AVAILABLE DATA Start Marker

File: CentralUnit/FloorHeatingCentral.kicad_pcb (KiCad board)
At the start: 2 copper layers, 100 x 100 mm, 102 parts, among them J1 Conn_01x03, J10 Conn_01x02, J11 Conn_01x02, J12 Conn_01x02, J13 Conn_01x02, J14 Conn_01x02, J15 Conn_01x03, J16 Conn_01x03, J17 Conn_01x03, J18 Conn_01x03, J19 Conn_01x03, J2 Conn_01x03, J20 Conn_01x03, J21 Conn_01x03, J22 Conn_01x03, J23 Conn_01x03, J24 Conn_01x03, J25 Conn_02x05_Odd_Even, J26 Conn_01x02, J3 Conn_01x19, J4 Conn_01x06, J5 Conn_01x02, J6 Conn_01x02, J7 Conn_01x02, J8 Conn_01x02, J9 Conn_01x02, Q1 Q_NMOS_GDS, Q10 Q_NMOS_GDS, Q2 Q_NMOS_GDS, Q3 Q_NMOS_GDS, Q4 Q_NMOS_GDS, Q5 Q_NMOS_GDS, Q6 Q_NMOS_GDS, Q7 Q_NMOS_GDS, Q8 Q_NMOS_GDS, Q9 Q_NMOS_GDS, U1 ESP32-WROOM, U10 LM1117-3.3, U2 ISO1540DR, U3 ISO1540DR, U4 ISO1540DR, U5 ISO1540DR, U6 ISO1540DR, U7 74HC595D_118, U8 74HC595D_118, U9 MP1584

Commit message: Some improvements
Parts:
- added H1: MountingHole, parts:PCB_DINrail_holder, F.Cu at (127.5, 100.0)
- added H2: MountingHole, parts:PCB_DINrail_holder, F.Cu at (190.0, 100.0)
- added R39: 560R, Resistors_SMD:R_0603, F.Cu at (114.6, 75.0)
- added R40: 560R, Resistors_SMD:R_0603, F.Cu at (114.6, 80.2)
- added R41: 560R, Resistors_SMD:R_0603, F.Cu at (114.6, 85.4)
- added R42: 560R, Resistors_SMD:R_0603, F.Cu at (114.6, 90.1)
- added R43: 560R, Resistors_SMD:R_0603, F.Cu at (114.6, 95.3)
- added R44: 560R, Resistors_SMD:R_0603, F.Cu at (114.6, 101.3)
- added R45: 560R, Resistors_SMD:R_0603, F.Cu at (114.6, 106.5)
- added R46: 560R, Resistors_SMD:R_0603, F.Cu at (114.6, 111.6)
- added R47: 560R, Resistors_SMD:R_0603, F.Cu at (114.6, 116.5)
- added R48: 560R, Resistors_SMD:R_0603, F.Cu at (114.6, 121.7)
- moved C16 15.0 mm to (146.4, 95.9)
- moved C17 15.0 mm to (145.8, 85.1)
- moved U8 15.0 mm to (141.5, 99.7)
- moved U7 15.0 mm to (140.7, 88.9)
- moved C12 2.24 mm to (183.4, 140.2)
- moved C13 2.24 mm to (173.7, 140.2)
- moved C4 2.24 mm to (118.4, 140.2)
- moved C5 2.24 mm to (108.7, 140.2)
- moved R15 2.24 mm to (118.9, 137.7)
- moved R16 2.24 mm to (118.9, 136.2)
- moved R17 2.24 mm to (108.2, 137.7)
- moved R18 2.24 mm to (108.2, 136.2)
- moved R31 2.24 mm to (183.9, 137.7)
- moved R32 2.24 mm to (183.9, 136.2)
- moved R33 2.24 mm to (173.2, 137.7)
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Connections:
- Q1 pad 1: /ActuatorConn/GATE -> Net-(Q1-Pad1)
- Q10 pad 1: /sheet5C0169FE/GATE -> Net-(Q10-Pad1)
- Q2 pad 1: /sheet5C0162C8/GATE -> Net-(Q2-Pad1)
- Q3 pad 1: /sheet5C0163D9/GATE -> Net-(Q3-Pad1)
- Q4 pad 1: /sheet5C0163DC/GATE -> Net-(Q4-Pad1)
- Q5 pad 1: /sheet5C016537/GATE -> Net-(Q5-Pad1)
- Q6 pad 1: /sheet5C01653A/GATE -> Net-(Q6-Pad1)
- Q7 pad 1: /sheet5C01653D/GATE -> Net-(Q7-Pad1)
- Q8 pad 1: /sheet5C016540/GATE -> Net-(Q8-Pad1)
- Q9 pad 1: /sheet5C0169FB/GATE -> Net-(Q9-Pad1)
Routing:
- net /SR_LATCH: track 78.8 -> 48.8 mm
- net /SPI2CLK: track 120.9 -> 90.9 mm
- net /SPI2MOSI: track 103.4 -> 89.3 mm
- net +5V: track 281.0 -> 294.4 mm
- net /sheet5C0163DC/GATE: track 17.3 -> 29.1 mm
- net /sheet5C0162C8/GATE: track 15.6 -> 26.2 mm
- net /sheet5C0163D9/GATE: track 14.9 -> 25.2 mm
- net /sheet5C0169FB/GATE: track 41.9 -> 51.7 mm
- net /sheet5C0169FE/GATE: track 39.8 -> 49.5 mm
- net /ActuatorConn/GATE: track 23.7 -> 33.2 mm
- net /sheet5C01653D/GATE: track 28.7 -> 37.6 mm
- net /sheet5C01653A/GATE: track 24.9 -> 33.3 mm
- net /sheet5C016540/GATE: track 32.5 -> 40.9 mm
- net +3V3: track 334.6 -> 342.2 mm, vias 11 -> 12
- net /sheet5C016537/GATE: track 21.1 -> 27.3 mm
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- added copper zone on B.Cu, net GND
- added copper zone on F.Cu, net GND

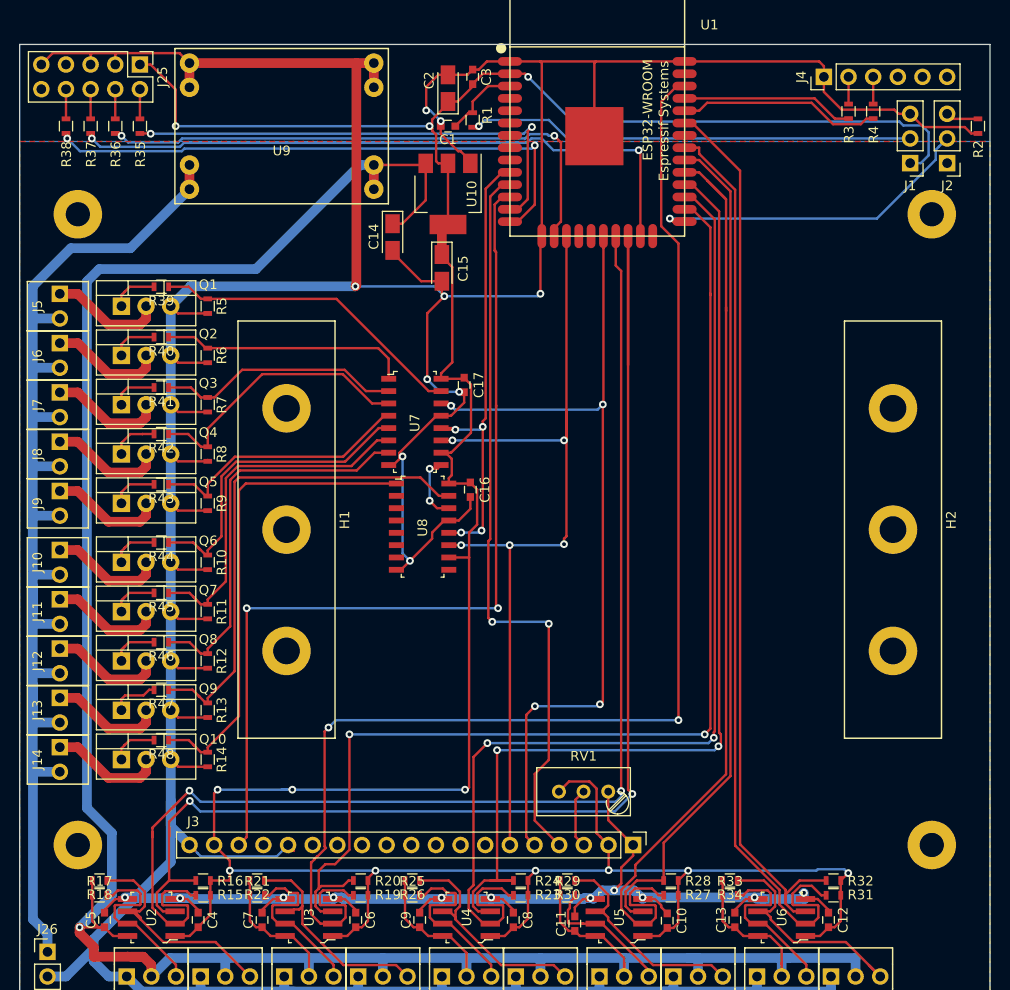
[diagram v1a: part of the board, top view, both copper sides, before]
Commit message: V2 with fixed SPI bus, status LED und changed flash header
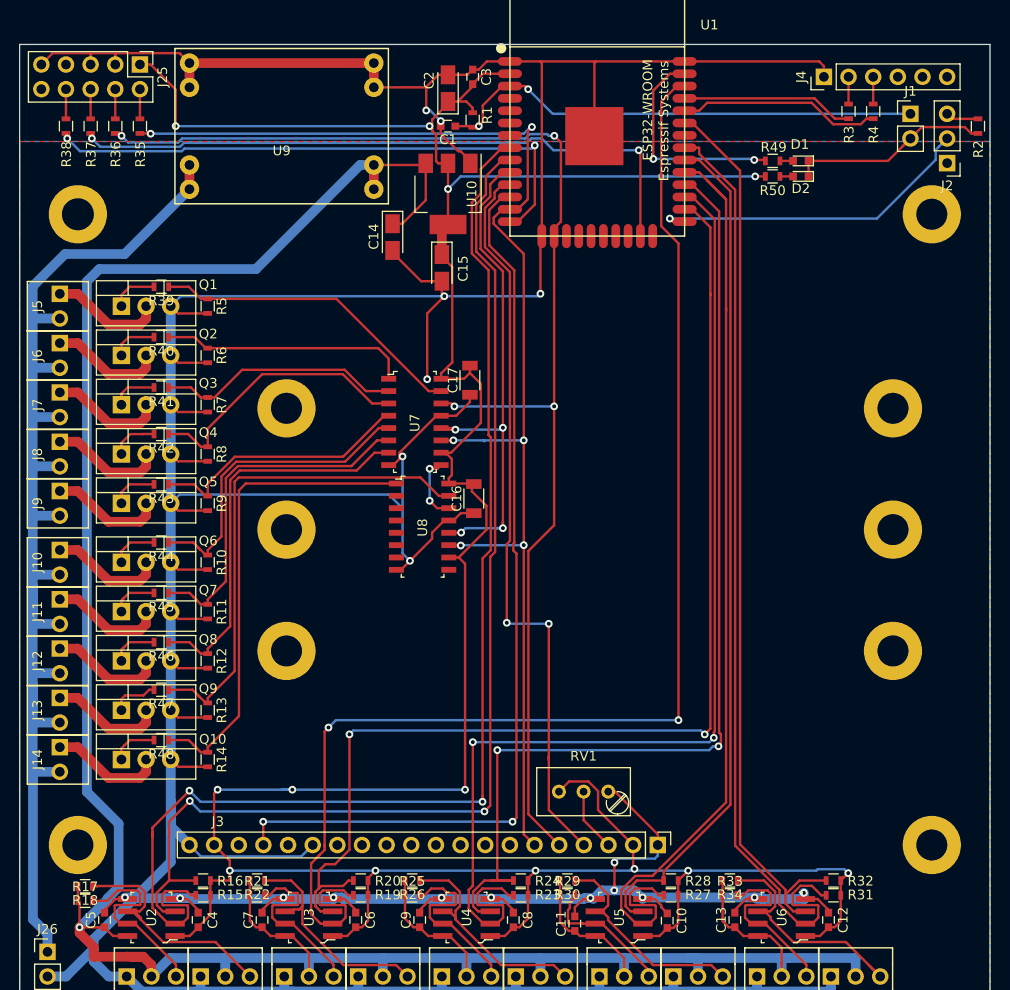
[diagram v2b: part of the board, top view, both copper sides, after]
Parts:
- added D1: LED, LEDs:LED_0603, F.Cu at (180.5, 62.0)
- added D2: LED, LEDs:LED_0603, F.Cu at (180.5, 63.6)
- added R49: 660R, Resistors_SMD:R_0603, F.Cu at (177.6, 62.0)
- added R50: 660R, Resistors_SMD:R_0603, F.Cu at (177.6, 63.6)
- C16, C17: footprint Capacitors_SMD:C_0603 -> Capacitors_SMD:C_1206
- H1, H2: moved to B.Cu
- J1: value Conn_01x03 -> Conn_01x02; footprint Pin_Headers:Pin_Header_Straight_1x03_Pitch2.54mm -> Pin_Headers:Pin_Header_Straight_1x02_Pitch2.54mm
- J3: value Conn_01x19 -> Conn_01x20
- moved J1 5.08 mm to (191.8, 57.1), turned to 0 degrees
- moved R18 1.60 mm to (106.8, 136.8)
- moved R17 1.59 mm to (106.8, 138.2)
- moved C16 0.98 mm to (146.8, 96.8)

AVAILABLE DATA End Marker

Your output must be the lines of the material above, from the first through the line that contains "- moved R16 2.24 mm to (118.9, 136.2)", copied exactly. Include both endpoints and nothing else.

EXERCISE ANSWER:
File: CentralUnit/FloorHeatingCentral.kicad_pcb (KiCad board)
At the start: 2 copper layers, 100 x 100 mm, 102 parts, among them J1 Conn_01x03, J10 Conn_01x02, J11 Conn_01x02, J12 Conn_01x02, J13 Conn_01x02, J14 Conn_01x02, J15 Conn_01x03, J16 Conn_01x03, J17 Conn_01x03, J18 Conn_01x03, J19 Conn_01x03, J2 Conn_01x03, J20 Conn_01x03, J21 Conn_01x03, J22 Conn_01x03, J23 Conn_01x03, J24 Conn_01x03, J25 Conn_02x05_Odd_Even, J26 Conn_01x02, J3 Conn_01x19, J4 Conn_01x06, J5 Conn_01x02, J6 Conn_01x02, J7 Conn_01x02, J8 Conn_01x02, J9 Conn_01x02, Q1 Q_NMOS_GDS, Q10 Q_NMOS_GDS, Q2 Q_NMOS_GDS, Q3 Q_NMOS_GDS, Q4 Q_NMOS_GDS, Q5 Q_NMOS_GDS, Q6 Q_NMOS_GDS, Q7 Q_NMOS_GDS, Q8 Q_NMOS_GDS, Q9 Q_NMOS_GDS, U1 ESP32-WROOM, U10 LM1117-3.3, U2 ISO1540DR, U3 ISO1540DR, U4 ISO1540DR, U5 ISO1540DR, U6 ISO1540DR, U7 74HC595D_118, U8 74HC595D_118, U9 MP1584

Commit message: Some improvements
Parts:
- added H1: MountingHole, parts:PCB_DINrail_holder, F.Cu at (127.5, 100.0)
- added H2: MountingHole, parts:PCB_DINrail_holder, F.Cu at (190.0, 100.0)
- added R39: 560R, Resistors_SMD:R_0603, F.Cu at (114.6, 75.0)
- added R40: 560R, Resistors_SMD:R_0603, F.Cu at (114.6, 80.2)
- added R41: 560R, Resistors_SMD:R_0603, F.Cu at (114.6, 85.4)
- added R42: 560R, Resistors_SMD:R_0603, F.Cu at (114.6, 90.1)
- added R43: 560R, Resistors_SMD:R_0603, F.Cu at (114.6, 95.3)
- added R44: 560R, Resistors_SMD:R_0603, F.Cu at (114.6, 101.3)
- added R45: 560R, Resistors_SMD:R_0603, F.Cu at (114.6, 106.5)
- added R46: 560R, Resistors_SMD:R_0603, F.Cu at (114.6, 111.6)
- added R47: 560R, Resistors_SMD:R_0603, F.Cu at (114.6, 116.5)
- added R48: 560R, Resistors_SMD:R_0603, F.Cu at (114.6, 121.7)
- moved C16 15.0 mm to (146.4, 95.9)
- moved C17 15.0 mm to (145.8, 85.1)
- moved U8 15.0 mm to (141.5, 99.7)
- moved U7 15.0 mm to (140.7, 88.9)
- moved C12 2.24 mm to (183.4, 140.2)
- moved C13 2.24 mm to (173.7, 140.2)
- moved C4 2.24 mm to (118.4, 140.2)
- moved C5 2.24 mm to (108.7, 140.2)
- moved R15 2.24 mm to (118.9, 137.7)
- moved R16 2.24 mm to (118.9, 136.2)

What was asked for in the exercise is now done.